## Material for this task
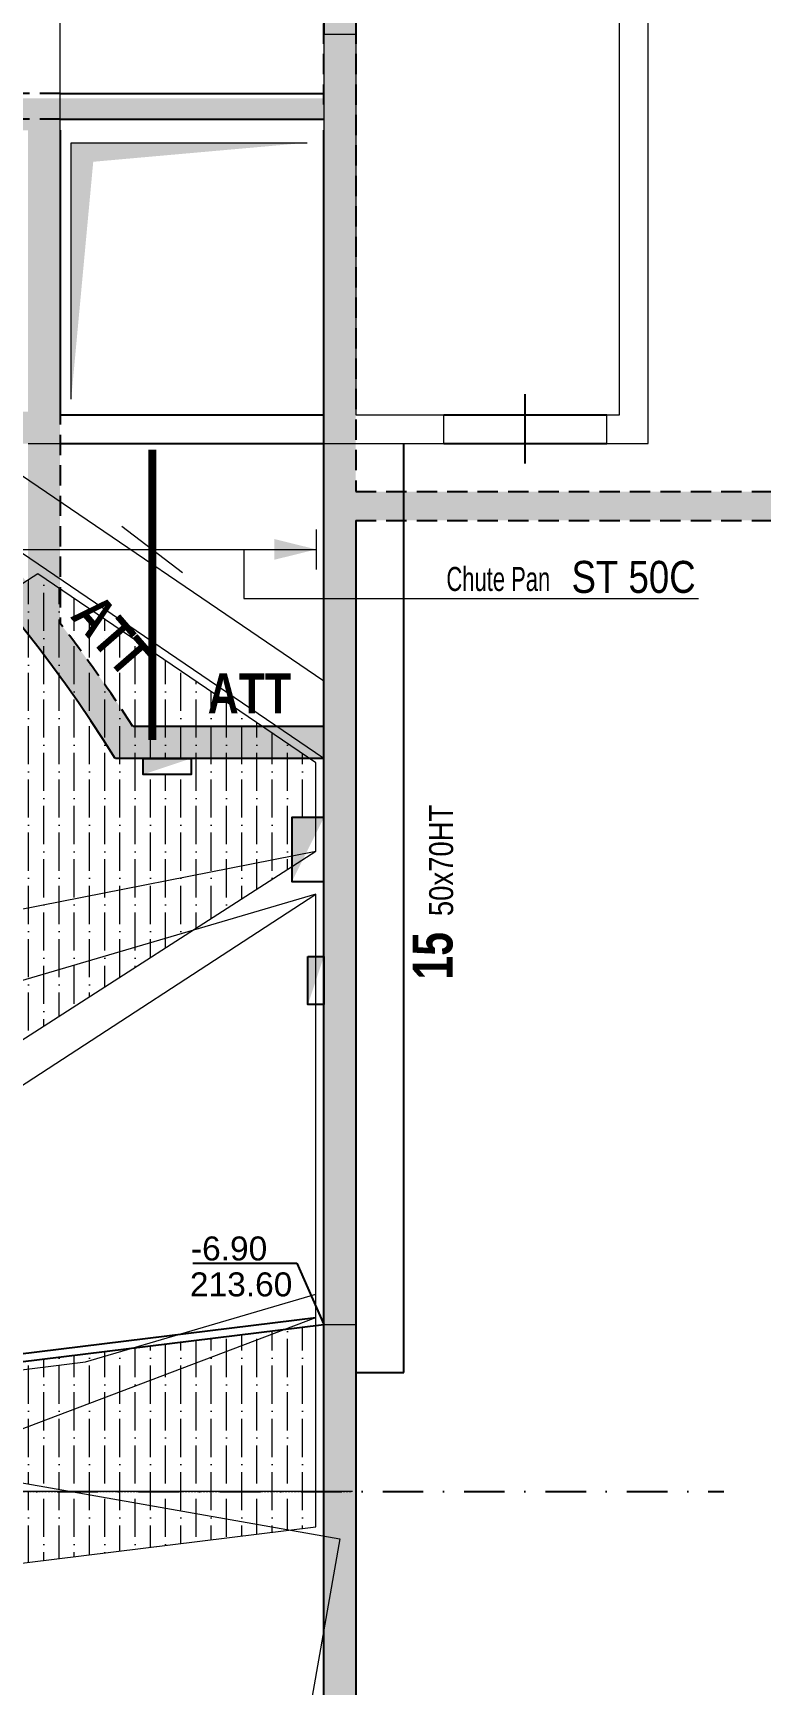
# Model space of a CAD drawing. Header units: metres. Extents: x 33574 to 39801, y -147554 to -143354.
# Drawn here: x 35617 to 36078, y -146487 to -145454 of the extents above; entities that cross this region are included whole.
import ezdxf
from ezdxf.enums import TextEntityAlignment as Align

# ---------------------------------------------------------------- set-up
doc = ezdxf.new("R2010")
doc.units = ezdxf.units.M
for name, pattern in [('CACHEx2', [19.049999999999997, 12.7, -6.35]), ('INTERROMPU2', [9.524999999999999, 6.35, -3.175]), ('TIRETPTX2', [50.8, 25.4, -12.7, 0, -12.7]), ('VW-02', [0.69435, 0.48607, -0.20828])]:
    doc.linetypes.add(name, pattern=pattern)
for name, color, linetype in [('01_ARMA_INF', 50, 'Continuous'), ('01_isolant ext', 2, 'TIRETPTX2'), ('01_linteaux', 3, 'Continuous'), ('01_murs_coup', 5, 'Continuous'), ('01_murs_sup', 2, 'INTERROMPU2'), ('01_poch_BN', 9, 'Continuous'), ('01_poch_murs', 251, 'Continuous'), ('01_resv', 32, 'Continuous'), ('01_texte', 230, 'Continuous')]:
    doc.layers.add(name, color=color, linetype=linetype)
doc.layers.add('B Général', color=7, linetype='Continuous', lineweight=5)
doc.layers.add('C ANNOTATIONS-prestations', color=7, linetype='Continuous', lineweight=5)
doc.styles.add('ARIAL NA', font='ARIALN.TTF')
doc.styles.add('impact', font='impact.ttf')
doc.styles.add('MATTE_TXT', font='arial.ttf')
doc.styles.add('PATIO', font='ARIALN.TTF')
pattern_1 = [(135, (-1377.46904745726, -135886.3766936216), (-11.22532015133644, 8.881784197001252e-16), [7.9375, -7.9375])]
pattern_2 = [(90, (0, -342.949232486746), (-9.524999999999997, 16.66875), [23.8125, -4.762499999999999, 0, -4.762499999999999])]

msp = doc.modelspace()

# ---------------------------------------------------------------- hatches: boundary and pattern name
at = {"layer": '01_murs_sup', "ltscale": 3}
h = msp.add_hatch(dxfattribs=at)
h.set_pattern_fill('DASH', color=256, scale=2.5, angle=135)
h.set_pattern_definition(pattern_1)
edge = h.paths.add_edge_path()
edge.add_line((36030.72921046714, -145131.6349017622), (36003.72920695076, -145131.6349017622))
edge.add_line((36003.72920695076, -145131.6349017622), (36003.72921874811, -144596.6220185353))
edge.add_arc((35992.70585741517, -144567.6481422858), 31.000000000006, 200.7835595958433, 290.82974950423176, ccw=False)
edge.add_line((35963.72310392278, -144578.6481422858), (35871.68861090755, -144578.6481422858))
edge.add_arc((35842.70585741517, -144567.6481422858), 31.00000000000336, 200.7835595958433, 339.2164404041567, ccw=False)
edge.add_line((35813.72310392278, -144578.6481422858), (35721.68861090755, -144578.6481422858))
edge.add_arc((35692.70585741517, -144567.6481422858), 31.00000000000336, 200.7835595958433, 339.2164404041567, ccw=False)
edge.add_line((35663.72310392278, -144578.6481422858), (35571.68861090755, -144578.6481422858))
edge.add_arc((35542.70585741517, -144567.6481422858), 30.99999999999303, 201.3118853197231, 339.21644040420693, ccw=False)
edge.add_line((35513.82576589636, -144578.9149215001), (35421.88929907952, -144579.7669164767))
edge.add_arc((35392.79066069388, -144569.0772371503), 31.00000000000263, 205.0617590903103, 339.8286810938182, ccw=False)
edge.add_arc((35466.523687287, -145780.6175167353), 1202.726036363769, 94.85607431748207, 99.19121332791286)
edge.add_arc((35243.97213929259, -144587.4697053421), 30.99999999998539, 212.0348839783278, 349.09644301072296, ccw=False)
edge.add_arc((35466.52368728716, -145780.6175167352), 1202.726036363719, 101.9401136610933, 106.2742133279193)
edge.add_arc((35098.54700091707, -144624.0173050652), 30.9999999999968, 219.1178839784031, 356.17944301063665, ccw=False)
edge.add_arc((35466.52368728719, -145780.6175167352), 1202.726036363716, 109.0231136610926, 113.3572133279185)
edge.add_arc((34958.73824102782, -144678.2179376741), 30.9999999997465, 0, 3.2624430106296813, ccw=False)
edge.add_arc((34958.73824102755, -144678.2179376741), 31.00000000001819, 253.0777681002966, 359.9999999999462, ccw=False)
edge.add_line((34949.71496456216, -144707.8756598023), (34949.71496456216, -144722.341862265))
edge.add_arc((35466.52368728724, -145780.6175167352), 1177.726036363718, 92.05394913478762, 116.0285616730136, ccw=False)
edge.add_line((35424.31340018747, -144603.6481422858), (35983.72921859318, -144603.6481422858))
edge.add_line((35983.72921859318, -144603.6481422858), (35983.72920695076, -145131.6349014186))
edge.add_line((35983.72920695076, -145131.6349014186), (35798.7362840578, -145131.6349014186))
edge.add_line((35798.7362840578, -145131.6349014186), (35798.73340964063, -145494.6348953786))
edge.add_line((35798.73340964063, -145494.6348953786), (35423.4792067001, -145494.6348953786))
edge.add_line((35423.4792067001, -145494.6348953786), (35423.4792067001, -145627.4040440309))
edge.add_arc((34933.23140303898, -146364.8041766383), 885.4952651279693, 54.97246064441538, 56.3827363050446, ccw=False)
edge.add_line((35441.4792067001, -145639.6931267724), (35441.4792067001, -145514.6348953786))
edge.add_line((35441.4792067001, -145514.6348953786), (35531.47920662024, -145514.6348953786))
edge.add_line((35531.47920662024, -145514.6348953786), (35531.47920662024, -145690.6348835175))
edge.add_line((35531.47920662024, -145690.6348835175), (35507.33734167481, -145690.6348835175))
edge.add_arc((34933.23140303817, -146364.8041766382), 885.4952651283348, 49.58310368497262, 54.97246064434233)
edge.add_arc((34933.23140303814, -146364.8041766383), 885.495265128421, 54.9724606443442, 88.93337311106043)
edge.add_line((34949.71496456216, -145479.4623461771), (34949.71496456216, -145499.4658924054))
edge.add_arc((34933.23140303812, -146364.8041766383), 865.4952651284605, 31.88506078871228, 88.9087223828218, ccw=False)
edge.add_line((35668.13160548549, -145907.6349012024), (35798.73013929815, -145907.634901203))
edge.add_line((35798.73013929815, -145907.634901203), (35798.72650976552, -146365.9957603085))
edge.add_line((35798.72650976552, -146365.9957603085), (35818.72896800363, -146365.9957603085))
edge.add_line((35818.72896800363, -146365.9957603085), (35818.72896800363, -145758.6903359441))
edge.add_line((35818.72896800363, -145758.6903359441), (36078.4436895912, -145758.6903359441))
edge.add_line((36078.4436895912, -145758.6903359441), (36078.4436895912, -145740.6903359441))
edge.add_line((36078.4436895912, -145740.6903359441), (35818.72896800363, -145740.6903359441))
edge.add_line((35818.72896800363, -145740.6903359441), (35818.72896800363, -145147.6349014186))
edge.add_line((35818.72896800363, -145147.6349014186), (36030.72921046714, -145147.6349014186))
edge.add_line((36030.72921046714, -145147.6349014186), (36030.72921046714, -145131.6349017622))
edge = h.paths.add_edge_path(flags=16)
edge.add_line((35798.73325127054, -145507.6348953786), (35798.7305336645, -145692.597199733))
edge.add_line((35798.7305336645, -145692.597199733), (35798.73110959533, -145692.5985063117))
edge.add_line((35798.73110959533, -145692.5985063117), (35798.7324317029, -145710.6361900963))
edge.add_line((35798.7324317029, -145710.6361900963), (35798.73169924372, -145710.6348835175))
edge.add_line((35798.73169924372, -145710.6348835175), (35798.73029766824, -145887.634901203))
edge.add_line((35798.73029766824, -145887.634901203), (35679.16125707598, -145887.6349012025))
edge.add_arc((34933.23140303805, -146364.8041766384), 885.4952651285312, 32.60693550189016, 37.71342408084015)
edge.add_line((35633.72920448019, -145823.1357404712), (35633.7292148401, -145710.6348835175))
edge.add_line((35633.7292148401, -145710.6348835175), (35613.7292148401, -145710.6348835175))
edge.add_line((35613.7292148401, -145710.6348835175), (35613.72920677518, -145798.2138452048))
edge.add_arc((34933.23140303824, -146364.8041766384), 885.4952651283946, 39.78115613019648, 47.62597131948256)
edge.add_line((35530.02651067788, -145710.6348835175), (35613.7292148401, -145710.6348835175))
edge.add_line((35613.7292148401, -145710.6348835175), (35613.72921668184, -145690.6348835175))
edge.add_line((35613.72921668184, -145690.6348835175), (35549.47920693972, -145690.6348835175))
edge.add_line((35549.47920693972, -145690.6348835175), (35549.47920662024, -145690.6348835175))
edge.add_line((35549.47920662024, -145690.6348835175), (35549.47920662024, -145514.6348953786))
edge.add_line((35549.47920662024, -145514.6348953786), (35613.72923288923, -145514.6348953786))
edge.add_line((35613.72923288923, -145514.6348953786), (35613.72921668255, -145710.5971997362))
edge.add_line((35613.72921668255, -145710.5971997362), (35633.72921668256, -145710.5971997362))
edge.add_line((35633.72921668256, -145710.5971997362), (35633.72923288924, -145507.6348953786))
edge.add_line((35633.72923288923, -145507.6348953786), (35798.73325127054, -145507.6348953786))
h.paths.add_polyline_path([(35798.7362840578, -145131.6349015173), (35326.43875525198, -145131.6349015173), (35149.84942937765, -145286.8598370758), (35163.05365940719, -145301.8814318423), (35328.29120183799, -145156.6349015173), (35798.73608609518, -145156.6349015173)], flags=17)
h = msp.add_hatch(dxfattribs=at)
h.set_pattern_fill('DASH', color=256, scale=2.5, angle=135)
h.set_pattern_definition(pattern_1)
h.paths.add_polyline_path([(35818.72455630315, -146612.6917047548), (35818.7253248479, -146515.6349011665), (36007.24869973916, -146515.6349011665), (36007.24869973916, -146499.6349011665), (35818.72896800363, -146499.6349011665), (35818.72896800363, -146365.9957603085), (35798.72650976552, -146365.9957603085), (35798.72532484728, -146515.6349011665), (35798.72471512885, -146592.6340889082, -0.3316165824014951), (34949.71496456216, -147225.2994417661), (34949.71496456216, -147250.2994417661, 0.04526015738334291), (35113.63287246309, -147235.4310835851, -0.6784920947094194), (35169.94797091185, -147223.2781875027, 0.0290857858348107), (35271.04420118374, -147191.7479866602, -0.6786650772580168), (35324.28835202201, -147169.7305210296, 0.03963135764520873), (35450.62229365334, -147100.2283790938, -0.05889174878895797), (35449.76810593809, -147093.0013463906, -0.5957938614643646), (35497.71761461234, -147067.0453421585, 0.03959186487785516), (35605.57779341695, -146971.5691229358, -0.1147067523627306), (35602.39890267018, -146957.8948448957, -0.5230756100816683), (35644.23093848054, -146928.8488985313, 0.1000910596722721)])
h.paths.add_polyline_path([(34079.31210619549, -146504.8133812006), (34075.95500703835, -146365.9957603085), (34050.94769757198, -146365.9957603085), (34053.8427052707, -146485.7056831882, -0.328755579086477), (34075.67279549941, -146515.3183959108, -0.2553953403700908), (34061.41693399924, -146541.4073557578, 0.06071621505798748), (34135.96761812367, -146748.8556114966, -0.4496334161171455), (34170.66022362853, -146779.6349010365, -0.1753608633251859), (34163.48212970542, -146799.4721586813, 0.01836853256108478), (34199.37950259771, -146855.9402207592, -0.4913802896854275), (34238.23258403791, -146885.9290372062, -0.140327085577333), (34233.53583958584, -146902.3344859224, 0.03953732202023799), (34331.09125117055, -147008.0487978252, -0.5620629895725984), (34376.33578451678, -147035.5822914239, -0.0842861395221403), (34374.59872286684, -147045.8136373335, 0.03011723266168045), (34463.64618001701, -147109.7915810451, -0.6241365282367528), (34513.68012792578, -147134.2601083201, -0.03818521046561189), (34513.31956880829, -147138.9744123415, 0.0237593458811339), (34591.15856205699, -147176.7708181262, -0.6784920947084723), (34644.81060976732, -147197.7598860657, 0.06483465551945516), (34874.8223331413, -147247.2157891014, -0.6784920947094583), (34932.35985634164, -147250.1341140412, 0.004762977334731561), (34949.71496456216, -147250.2994417661), (34949.71496456216, -147225.2994417661, -0.3601863127720239)])
at = {"layer": '01_poch_murs', "lineweight": 0}
h = msp.add_hatch(dxfattribs=at)
h.set_pattern_fill('ANSI36', color=256, scale=3, angle=45)
h.set_pattern_definition(pattern_2)
h.paths.add_polyline_path([(35633.72920647304, -145801.4948947324), (35633.72920448019, -145823.1357404712, -0.02228494767271751), (35679.16125707598, -145887.6349012025), (35760.42193115131, -145887.6349012029)], flags=17)
h.paths.add_polyline_path([(35612.51951358418, -145796.7584759406, 0.002489170705521584), (35606.86231609801, -145790.0355301434), (35593.59870775287, -145805.3427598958, -0.0008762332255063132), (35595.55552181035, -145807.6607340202)])
h.paths.add_polyline_path([(35633.72920448019, -145823.1357404712), (35633.72920647304, -145801.4948947324), (35619.84179158045, -145792.0526634461), (35613.72920698079, -145795.9810416089), (35613.72920677518, -145798.2138451738, 0.0005361274587750277), (35612.51951358419, -145796.7584759406), (35595.55552181035, -145807.6607340202, -0.03573031656166736), (35668.1316054855, -145907.6349012024), (35685.76792722979, -145907.6349012025), (35685.76792722979, -145907.5852291667), (35715.75042852665, -145907.5852291667), (35789.82963139562, -145907.6295733181), (35760.42193115131, -145887.6349012029), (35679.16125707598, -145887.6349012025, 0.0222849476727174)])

## Task objective
Take the stretch of lines above from the one containing "-145907.634901203), (35798.72650976552, -146365.9957603085))" through the one containing "-146365.9957603085), (35818.72896800363, -145758.6903359441))" and repeat it exactly, adding no other line.

## Reply
edge.add_line((35798.73013929815, -145907.634901203), (35798.72650976552, -146365.9957603085))
edge.add_line((35798.72650976552, -146365.9957603085), (35818.72896800363, -146365.9957603085))
edge.add_line((35818.72896800363, -146365.9957603085), (35818.72896800363, -145758.6903359441))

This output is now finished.